13:49imirkin: anyways, the dst=0x7f1741a8a280 <error: Cannot access memory at address 0x7f1741a8a280> thing is ominous
13:49imirkin: of the bus error :)
13:51karolherbst: wild guess, the dst pointer got corrupted :p
13:51karolherbst: or was never set in the first place
14:07mooboat: Hi there. Is there a configuration option to change that will stop screen tearing?
15:15cosurgi: imirkin: unfortunately no
15:16cosurgi: next time I will try to not end it. I though that my VTs got completely blocked. But I didn't check for sure.

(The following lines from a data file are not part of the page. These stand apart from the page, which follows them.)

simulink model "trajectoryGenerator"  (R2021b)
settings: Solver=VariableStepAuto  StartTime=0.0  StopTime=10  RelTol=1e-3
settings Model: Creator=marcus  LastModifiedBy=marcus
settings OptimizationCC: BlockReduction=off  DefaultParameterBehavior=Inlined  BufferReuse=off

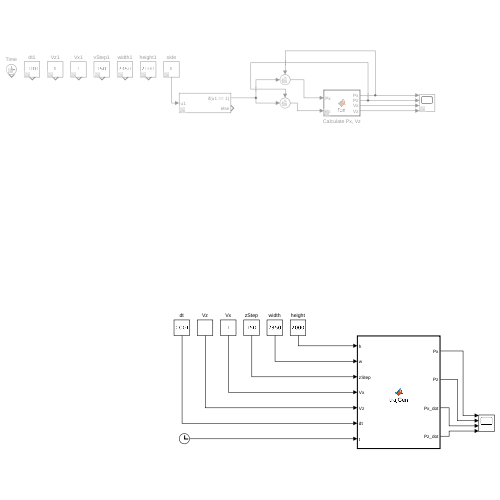
[thumbnail: Simulink's stored preview of the top-level diagram]
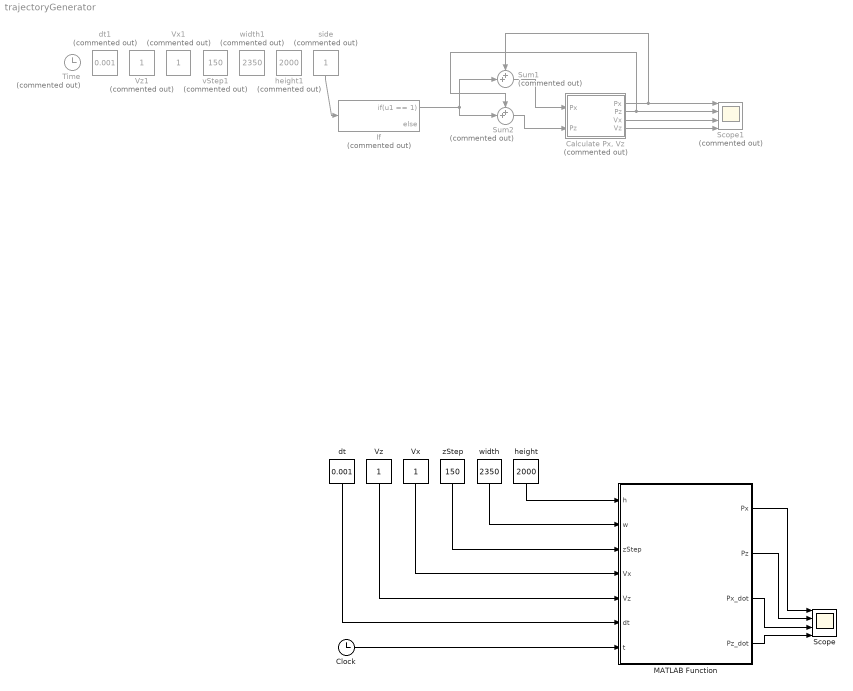
== system trajectoryGenerator ==
  "Calculate Px, Vz" : MATLAB Function  Commented=on  TreatAsAtomicUnit=on
  Clock : Clock
      settings: Decimation=2
  If : If  Commented=on  IfExpression=u1 == 1
  MATLAB Function : MATLAB Function  TreatAsAtomicUnit=on
  Scope : Scope  NumInputPorts=4
  Scope1 : Scope  Commented=on  NumInputPorts=4
  Sum1 : Sum  Commented=on  Inputs=++|
  Sum2 : Sum  Commented=on  Inputs=++|
  Time : Clock  Commented=on
  Vx : Constant
  Vx1 : Constant  Commented=on
  Vz : Constant
  Vz1 : Constant  Commented=on
  dt : Constant  Value=0.001
  dt1 : Constant  Commented=on  Value=0.001
  height : Constant  Value=2000
  height1 : Constant  Commented=on  Value=2000
  side : Constant  Commented=on
  vStep1 : Constant  Commented=on  Value=150
  width : Constant  Value=2350
  width1 : Constant  Commented=on  Value=2350
  zStep : Constant  Value=150
  wires:
  height/1 -> MATLAB Function/1(h)
  width/1 -> MATLAB Function/2(w)
  zStep/1 -> MATLAB Function/3(zStep)
  dt/1 -> MATLAB Function/6(dt)
  Vx/1 -> MATLAB Function/4(Vx)
  Vz/1 -> MATLAB Function/5(Vz)
  MATLAB Function/1(Px) -> Scope/1
  MATLAB Function/2(Pz) -> Scope/2
  MATLAB Function/3(Px_dot) -> Scope/3
  Clock/1 -> MATLAB Function/7(t)
  MATLAB Function/4(Pz_dot) -> Scope/4
  side/1 -> If/1
  "Calculate Px, Vz"/1(Px) -> Sum1/1, Scope1/1
  "Calculate Px, Vz"/4(Vz) -> Scope1/4
  "Calculate Px, Vz"/2(Pz) -> Sum2/1, Scope1/2
  If/1 -> Sum1/2, Sum2/2
  Sum2/1 -> "Calculate Px, Vz"/2("Pz ")
  Sum1/1 -> "Calculate Px, Vz"/1("Px ")
  "Calculate Px, Vz"/3(Vx) -> Scope1/3

== matlab function trajectoryGenerator/Calculate Px, Vz ==
  data: Px input; Px output; Pz output; Vx output; Pz input; Vz output
function [Px, Pz, Vx, Vz]= fcn(Px, Pz)

Px = Px + 1
Pz = Pz + 1
Vx = 1
Vz =1

== matlab function trajectoryGenerator/MATLAB Function ==
  data: h input; w input; zStep input; Vx input; Vz input; dt input; t input; Px output; Pz output; Px_dot output; Pz_dot output
function [Px, Pz, Px_dot, Pz_dot] = trajGen(h, w, zStep, Vx, Vz, dt, t)

Px = 0
if(t <= 2)
Px = tanh(t)
elseif(t >= 2 && t <= 6)
Px = tanh(t)
elseif(t >= 6 && t < 10)
Px = tanh(t)
end



Pz=0;
Px_dot=0;
Pz_dot=0;
end

15:16cosurgi: imirkin: this happened when I was waking up the screens from 'xset dpms force off' after the night.
15:17cosurgi: imirkin: the CPU cures were under heavy load for several days. So this happened (again) under heavy CPU load.
15:17cosurgi: imirkin: the CPU cores were under heavy load for several days. So this happened (again) under heavy CPU load.
15:18cosurgi: imirkin: next time I will do "p *bo" whatever it does, you will get the output.
20:33cosurgi: imirkin: maybe this crash ineed is related to 'xset dpms force off' - something, some bitmap is freed when the screens are off. And somewhere else it is expected that it wasn't freed?